- Directed by: Edmond Séchan
- Written by: Jean-Claude Carrière Edmond Séchan
- Produced by: Vladimir Cosma
- Starring: Jean Rochefort Cristina Jardim Isabel Jardim Julien Guiomar Jacques Jouanneau
- Music by: Luiz Bonfá
- Distributed by: Les Artistes Associes
- Release date: 23 August 1968 (France);
- Running time: 95 minutes
- Country: France
- Language: French

= Pour un amour lointain =

Pour un amour lointain (English title: For a Distant Love) is a 1968 French romantic comedy film directed by Edmond Séchan.
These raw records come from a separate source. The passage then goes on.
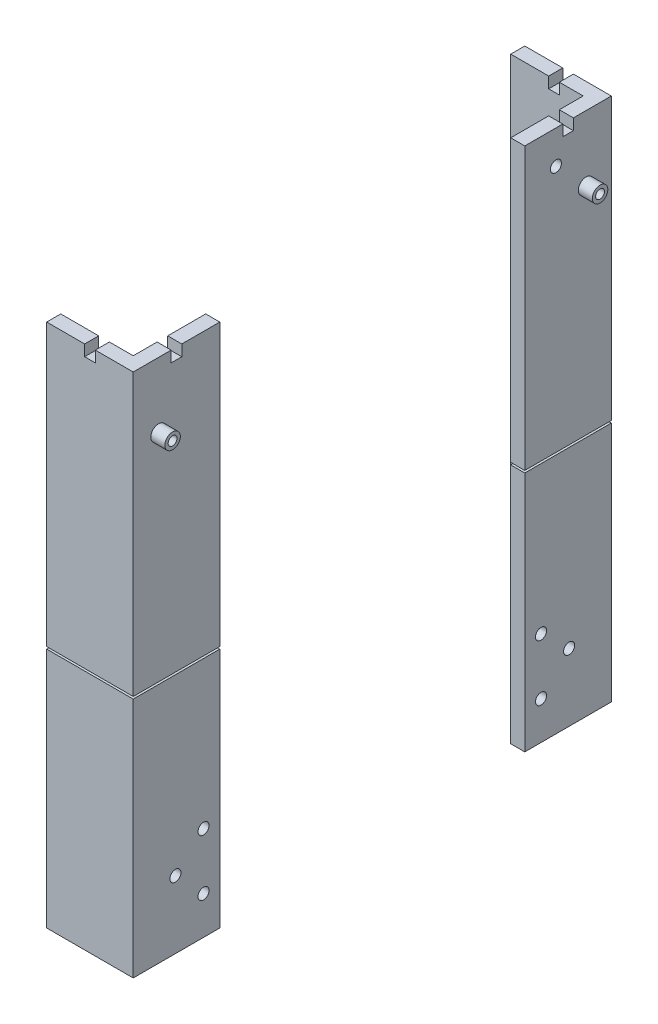
SolidWorks part; units mm, degrees
ref_plane "Front Plane" through (0, 0, 0) normal (0, 0, 1) x (1, 0, 0)
ref_plane "Top Plane" through (0, 0, 0) normal (0, 1, 0) x (1, 0, 0)
ref_plane "Right Plane" through (0, 0, 0) normal (1, 0, 0) x (0, 0, -1)
sketch "Sketch1" plane through (0, 0, 0) normal (0, 0, 1) x (1, 0, 0)
  line L1 (0, 0) -> (-32.7309, 0)
  line L2 (0, 0) -> (0, 237)
  line L3 (0, 237) -> (-32.7309, 237)
  line L4 (-32.7309, 0) -> (-32.7309, 237)
extrude "Boss-Extrude1" add sketch "Sketch1" along normal blind 6.35
sketch "Sketch2" plane through (0, 0, 0) normal (1, 0, 0) x (0, 0, -1)
  line L1 (-6.35, 0) -> (32.73, 0)
  line L2 (-6.35, 0) -> (-6.35, 237)
  line L3 (-6.35, 237) -> (32.73, 237)
  line L4 (32.73, 0) -> (32.73, 237)
  dimension "D1" = 39.08
  dimension "D2" = 237
extrude "Boss-Extrude3" add sketch "Sketch2" along normal blind 6.35
ref_plane "RearMirrorPlane" through (0, 0, -101.6) normal (0, 0, -1) x (-1, 0, 0)
sketch "Sketch27" plane through (6.35, 0, 0) normal (1, 0, 0) x (0, 0, -1)
  line L1 (10.7804, 237) -> (15.5804, 237)
  line L2 (10.7804, 237) -> (10.7804, 232)
  line L3 (10.7804, 232) -> (15.5804, 232)
  line L4 (15.5804, 237) -> (15.5804, 232)
  dimension "D1" = 4.8
  dimension "D2" = 5
extrude "Locking_Mechanism_Cut" cut sketch "Sketch27" against normal up to surface (6.35 mm away) up to face at (0, 118.5, -16.365)
sketch "Sketch28" plane through (6.35, 0, 0) normal (1, 0, 0) x (0, 0, -1)
  circle A1 centre (25.4, 42.545) radius 2.5
  circle A3 centre (25.4, 17.145) radius 2.5
  circle A5 centre (12.7, 30.48) radius 2.5
  dimension "D1" = 5
  dimension "D2" = 5
  dimension "D3" = 5
extrude "Bracket Bolt Holes " cut sketch "Sketch28" against normal up to surface (6.35 mm away) up to face at (0, 176.5, -14.7727)
sketch "Sketch29" plane through (6.35, 0, 0) normal (1, 0, 0) x (0, 0, -1)
  line L0 (-6.35, 237) -> (-6.35, 0) construction
  line L1 (-6.35, 110.0869) -> (32.73, 110.0869)
  line L2 (-6.35, 110.0869) -> (-6.35, 109.0869)
  line L3 (-6.35, 109.0869) -> (32.73, 109.0869)
  line L4 (32.73, 110.0869) -> (32.73, 109.0869)
  line L5 (32.73, 0) -> (32.73, 237) construction
  dimension "D1" = 1
extrude "1 mm split" cut sketch "Sketch29" against normal up to surface (39.0809 mm away) up to face at (-32.7309, 118.5, 3.175)
ref_plane "45Degree" through (0, 0, 0) normal (0.7071, 0, -0.7071) x (0, -1, 0)
mirror "LockingMechanismMirror" about plane through (0, 0, 0) normal (0.7071, 0, -0.7071) of "Locking_Mechanism_Cut"
sketch "Sketch32" plane through (6.35, 0, 0) normal (1, 0, 0) x (0, 0, -1)
  circle A0 centre (5.08, 207.536) radius 3.5
  dimension "D1" = 7
extrude "Locking Mount" add sketch "Sketch32" along normal up to surface (6.35 mm away) separate body
sketch "Sketch33" plane through (12.7, 0, 0) normal (1, 0, 0) x (0, 0, -1)
  circle A0 centre (5.08, 207.536) radius 2
  dimension "D1" = 4
extrude "M4 Screw Hole" cut sketch "Sketch33" against normal up to surface (6.35 mm away) up to face at (6.35, 204.0217, -13.1852)
mirror "Mirror2" about plane through (0, 0, -101.6) normal (0, 0, -1) of bodies 223 224 246 227 230
sketch "Sketch35" plane through (0, 0, 0) normal (-1, 0, 0) x (0, 0, 1)
  circle A0 centre (-184.561, 222) radius 2.5
extrude "Cut-Extrude2" cut sketch "Sketch35" against normal up to surface (6.35 mm away) up to face at (6.35, 204.0217, -190.0148)
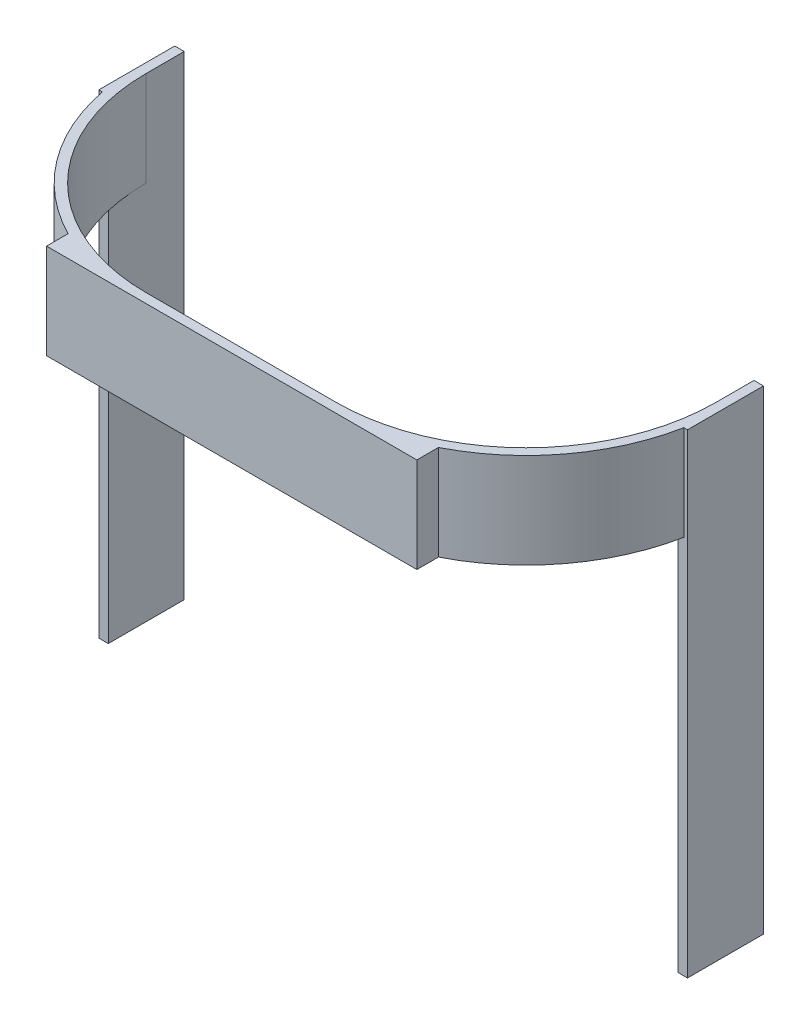
SolidWorks part; units mm, degrees
ref_plane "Front" through (0, 0, 0) normal (0, 0, 1) x (1, 0, 0)
ref_plane "Top" through (0, 0, 0) normal (0, 1, 0) x (1, 0, 0)
ref_plane "Right" through (0, 0, 0) normal (1, 0, 0) x (0, 0, -1)
sketch "草图2" plane through (0, 0, 0) normal (0, 1, 0) x (1, 0, 0)
  line L0 (-0.7345, 0) -> (19.6327, 0) construction
  line L2 (-40, -80) -> (40, -80)
  line L3 (-0.7345, 0) -> (19.6327, 0) construction
  line L5 (-40, -84) -> (40, -84)
  line L7 (-124, 16) -> (-120, 16)
  line L10 (-124, 16) -> (-124, -16)
  line L11 (-124, -16) -> (-122.4621, -16)
  line L12 (-120, 16) -> (-120, 0)
  line L13 (120, 16) -> (124, 16)
  line L14 (120, 16) -> (120, 0)
  line L15 (122.4621, -16) -> (124, -16)
  line L16 (124, 16) -> (124, -16)
  arc A0 (-120, 0) -> (-40, -80) centre (-40, 0) ccw
  arc A1 (40, -80) -> (120, 0) centre (40, 0) ccw
  arc A2 (-122.4621, -16) -> (-40, -84) centre (-40, 0) ccw
  arc A3 (40, -84) -> (122.4621, -16) centre (40, 0) ccw
  point P2 (0, 0)
  point P9 (9.4491, 0)
  dimension "D1" = 32
  dimension "D3" = 32
extrude "凸台-拉伸1" add sketch "草图2" along normal blind 40
sketch "草图3" plane through (0, 0, 0) normal (0, -1, 0) x (1, 0, 0)
  line L1 (-124, -16) -> (-120, -16)
  line L2 (-124, -16) -> (-124, 16)
  line L3 (-124, 16) -> (-120, 16)
  line L4 (-120, -16) -> (-120, 16)
  line L5 (120, -16) -> (124, -16)
  line L6 (120, -16) -> (120, 16)
  line L7 (120, 16) -> (124, 16)
  line L8 (124, -16) -> (124, 16)
extrude "凸台-拉伸2" add sketch "草图3" along normal blind 160
sketch "草图5" plane through (0, 40, 0) normal (0, 1, 0) x (1, 0, 0)
  line L0 (-40, -84) -> (-78, -84)
  line L1 (-78, -84) -> (-78, -74.9133)
  line L2 (40, -84) -> (78, -84)
  line L3 (78, -84) -> (78, -72.6077)
  line L4 (-40, -84) -> (40, -84)
  line L5 (78, -72.6077) -> (52.8973, -80.9462)
  line L6 (52.8973, -80.9462) -> (-55.5335, -80.9462)
  line L7 (-55.5335, -80.9462) -> (-78, -74.9133)
extrude "凸台-拉伸3" add sketch "草图5" against normal blind 40

The cast includes Jean Rochefort in the leading role. It was the feature debut of identical twins Cristina and Isabel Jardim. The film featured a bossa nova score by noted Brazilian composer Luiz Bonfá, which was released as a soundtrack album by Philips.

== Plot ==
Actors Guillaume, Adrien and Maxime are part of a French acting troupe on a Brazilian tour, performing Dom Juan and other Molière plays. Guillaume is a womaniser and becomes fascinated by translator Isabel when signing autographs after a performance in womaniser. She invites the trio to a party hosted by Isabel's father, a prominent architect, and makes her feelings for Guillaume plain. While the party goes on Isabel's twin sister Cristina is upstairs, unable to join in the reception due to a nervous illness that has robbed her of the use of her legs. Nevertheless Guillaume meets her by chance and immediately falls in love with her. As the tour moves on to Brasília and São Paulo he phones Cristina every day. Isabel discovers their blooming relationship and is torn between jealousy over her own feelings for Guillaume and her desire to see her sister happy, especially as the romance has seen Cristina recover and regain her mobility. The tour comes to a close and Guillaume pleads for Cristina to join him when he returns to France. She is unable to contemplate leaving her sister. Eventually Guillaume instead decides to stay in Brazil, bidding farewell to Adrien, Maxime and the rest of the company.

== Cast ==
- Jean Rochefort as Guillame
- Cristina Jardim as Cristina
- Isabel Jardim as Isabel
- Julien Guiomar as Maxime
- Jacques Jouanneau as Adrien
- Henriette Morineau as Aunt

== Release ==
The film was not a financial success, taking only $60,438 at the French box office.